I agree with the previous comments. At our disposal, for example, there is "Ramowy plan wypowiedzi". It means that when you have to give an important speech, you can benefit from the list of the most crucial definitions/issues etc., previously prepared, in order not to forget to mention them as well as being able to assist yourself when stress made you be at a loss for words


----------



## Ben Jamin

jasio said:


> You must have used wrong dictionaries.  http://pl.wiktionary.org/wiki/ramówka
> 
> It's a broadcast (TV, radio) slang word referring to a broadcast schedule.


So, you found my post wrong?


----------



## jasio

Ben Jamin said:


> So, you found my post wrong?


Why do you assume that I had found your post wrong? Just because I quoted a source which might have proved to be be more useful for a foreigner?


----------



## Ben Jamin

jasio said:


> Why do you assume that I had found your post wrong? Just because I quoted a source which might have proved to be be more useful for a foreigner?

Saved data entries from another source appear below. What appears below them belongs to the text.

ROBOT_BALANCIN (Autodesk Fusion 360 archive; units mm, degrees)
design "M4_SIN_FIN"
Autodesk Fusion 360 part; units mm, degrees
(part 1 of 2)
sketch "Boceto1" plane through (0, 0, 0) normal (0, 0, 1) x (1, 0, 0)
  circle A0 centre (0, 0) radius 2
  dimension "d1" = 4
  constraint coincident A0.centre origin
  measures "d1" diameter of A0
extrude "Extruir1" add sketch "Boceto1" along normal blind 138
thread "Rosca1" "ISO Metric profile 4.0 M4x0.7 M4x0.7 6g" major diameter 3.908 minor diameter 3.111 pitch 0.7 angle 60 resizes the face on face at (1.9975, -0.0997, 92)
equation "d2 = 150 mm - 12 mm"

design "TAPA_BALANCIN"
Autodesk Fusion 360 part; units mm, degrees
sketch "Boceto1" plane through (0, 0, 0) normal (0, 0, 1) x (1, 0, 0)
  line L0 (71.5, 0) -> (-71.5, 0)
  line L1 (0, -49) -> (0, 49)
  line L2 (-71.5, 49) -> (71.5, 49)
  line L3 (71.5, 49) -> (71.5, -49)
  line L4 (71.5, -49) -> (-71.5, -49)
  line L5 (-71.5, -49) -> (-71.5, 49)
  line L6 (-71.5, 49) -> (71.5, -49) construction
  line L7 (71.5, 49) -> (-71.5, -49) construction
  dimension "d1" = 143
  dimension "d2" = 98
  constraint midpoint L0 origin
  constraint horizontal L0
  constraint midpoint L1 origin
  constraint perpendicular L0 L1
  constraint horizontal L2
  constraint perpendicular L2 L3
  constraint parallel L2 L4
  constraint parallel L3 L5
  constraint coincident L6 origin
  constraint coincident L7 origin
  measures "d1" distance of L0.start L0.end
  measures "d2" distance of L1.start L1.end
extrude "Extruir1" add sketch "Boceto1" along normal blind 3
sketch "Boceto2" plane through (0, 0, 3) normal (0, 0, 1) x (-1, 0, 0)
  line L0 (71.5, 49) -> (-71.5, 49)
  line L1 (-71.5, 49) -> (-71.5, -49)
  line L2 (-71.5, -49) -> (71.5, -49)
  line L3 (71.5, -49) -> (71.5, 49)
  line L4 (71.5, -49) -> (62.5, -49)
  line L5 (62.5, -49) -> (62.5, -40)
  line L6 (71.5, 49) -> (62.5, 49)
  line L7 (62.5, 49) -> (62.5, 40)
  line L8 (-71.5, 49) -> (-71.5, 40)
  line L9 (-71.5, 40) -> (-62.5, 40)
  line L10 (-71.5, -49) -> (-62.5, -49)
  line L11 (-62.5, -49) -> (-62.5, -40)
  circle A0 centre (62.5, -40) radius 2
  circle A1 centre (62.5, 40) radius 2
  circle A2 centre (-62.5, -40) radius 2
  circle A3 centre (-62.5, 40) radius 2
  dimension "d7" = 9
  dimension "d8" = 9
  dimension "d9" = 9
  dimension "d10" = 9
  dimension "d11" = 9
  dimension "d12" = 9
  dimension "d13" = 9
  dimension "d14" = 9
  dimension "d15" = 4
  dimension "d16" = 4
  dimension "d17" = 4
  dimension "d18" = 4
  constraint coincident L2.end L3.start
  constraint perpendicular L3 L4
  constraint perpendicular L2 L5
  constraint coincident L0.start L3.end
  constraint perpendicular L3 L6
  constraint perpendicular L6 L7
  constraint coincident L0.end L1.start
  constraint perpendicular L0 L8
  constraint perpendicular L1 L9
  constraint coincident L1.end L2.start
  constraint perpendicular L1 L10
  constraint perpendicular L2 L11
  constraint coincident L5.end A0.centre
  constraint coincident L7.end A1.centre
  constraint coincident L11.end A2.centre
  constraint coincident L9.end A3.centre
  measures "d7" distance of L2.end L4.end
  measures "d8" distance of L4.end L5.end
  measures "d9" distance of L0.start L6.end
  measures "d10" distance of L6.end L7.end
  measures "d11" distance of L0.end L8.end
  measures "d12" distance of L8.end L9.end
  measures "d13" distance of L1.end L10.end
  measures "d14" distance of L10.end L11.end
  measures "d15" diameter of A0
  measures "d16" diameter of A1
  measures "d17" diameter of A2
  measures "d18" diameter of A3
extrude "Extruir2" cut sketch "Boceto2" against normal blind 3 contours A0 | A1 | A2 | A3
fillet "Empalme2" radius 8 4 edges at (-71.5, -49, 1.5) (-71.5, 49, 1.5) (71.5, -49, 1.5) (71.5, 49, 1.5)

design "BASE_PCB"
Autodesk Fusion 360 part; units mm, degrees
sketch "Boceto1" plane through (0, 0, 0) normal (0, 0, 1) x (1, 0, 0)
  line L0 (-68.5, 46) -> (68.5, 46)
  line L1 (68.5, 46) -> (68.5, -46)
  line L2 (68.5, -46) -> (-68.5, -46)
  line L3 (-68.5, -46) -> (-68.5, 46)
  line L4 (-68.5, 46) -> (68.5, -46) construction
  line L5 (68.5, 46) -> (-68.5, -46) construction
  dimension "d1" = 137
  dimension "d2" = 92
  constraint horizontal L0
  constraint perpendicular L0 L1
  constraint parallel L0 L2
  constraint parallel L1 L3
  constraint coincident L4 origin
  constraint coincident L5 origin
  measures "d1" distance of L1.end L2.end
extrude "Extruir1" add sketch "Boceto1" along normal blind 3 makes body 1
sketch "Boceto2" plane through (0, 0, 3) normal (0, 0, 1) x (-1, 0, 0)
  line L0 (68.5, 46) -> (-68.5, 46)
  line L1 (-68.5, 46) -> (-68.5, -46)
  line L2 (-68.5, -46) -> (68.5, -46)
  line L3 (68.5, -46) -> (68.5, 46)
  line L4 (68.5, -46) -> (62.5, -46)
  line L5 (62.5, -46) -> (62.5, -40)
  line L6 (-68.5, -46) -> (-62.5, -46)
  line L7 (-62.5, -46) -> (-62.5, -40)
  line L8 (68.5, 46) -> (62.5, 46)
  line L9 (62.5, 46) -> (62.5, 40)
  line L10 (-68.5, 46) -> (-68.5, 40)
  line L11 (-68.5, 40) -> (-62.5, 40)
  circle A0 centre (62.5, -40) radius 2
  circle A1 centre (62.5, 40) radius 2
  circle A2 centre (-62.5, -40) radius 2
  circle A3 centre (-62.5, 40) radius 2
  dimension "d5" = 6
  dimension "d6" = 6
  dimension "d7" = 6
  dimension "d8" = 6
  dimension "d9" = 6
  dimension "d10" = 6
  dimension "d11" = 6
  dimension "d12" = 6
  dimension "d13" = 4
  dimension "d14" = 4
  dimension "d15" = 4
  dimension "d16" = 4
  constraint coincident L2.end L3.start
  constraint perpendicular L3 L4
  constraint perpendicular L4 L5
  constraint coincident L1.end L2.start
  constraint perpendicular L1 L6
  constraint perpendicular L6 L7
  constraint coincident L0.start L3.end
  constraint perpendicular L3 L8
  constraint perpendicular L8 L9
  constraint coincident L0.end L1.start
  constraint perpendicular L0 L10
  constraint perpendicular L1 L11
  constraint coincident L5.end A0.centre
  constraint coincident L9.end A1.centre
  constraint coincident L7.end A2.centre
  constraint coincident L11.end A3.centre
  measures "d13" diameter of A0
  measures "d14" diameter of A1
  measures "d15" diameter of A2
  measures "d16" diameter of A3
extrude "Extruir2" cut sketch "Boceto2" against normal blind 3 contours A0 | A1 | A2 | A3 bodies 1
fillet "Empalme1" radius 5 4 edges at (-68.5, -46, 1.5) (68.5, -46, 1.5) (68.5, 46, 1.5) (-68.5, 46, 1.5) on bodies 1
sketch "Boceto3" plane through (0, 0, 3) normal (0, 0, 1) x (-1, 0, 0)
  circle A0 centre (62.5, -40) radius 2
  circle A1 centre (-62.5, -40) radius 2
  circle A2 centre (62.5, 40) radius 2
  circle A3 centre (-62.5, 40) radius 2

I don't think that the entry in Wikislownik is more informative than the article in Wikipedia.


----------



## jasio

Ben Jamin said:


> I don't think that the entry in Wikislownik is more informative than the article in Wikipedia.


Skoro Pan uważa, że uważając inaczej, niż Pan złamałem reguły forum proszę to zgłosić moderatorowi.Ta dyskusja staje się żenująca.


----------



## bjoleniacz

Ben Jamin said:


> Hello,
> How much can you understand Polish? You can try to read this: https://pl.wikipedia.org/wiki/Ramówka



Not much!  I am a beginner.  Thanks though.



jasio said:


> You must have used wrong dictionaries.  http://pl.wiktionary.org/wiki/ramówka
> 
> It's a broadcast (TV, radio) slang word referring to a broadcast schedule.



Very helpful.  Thank you!


----------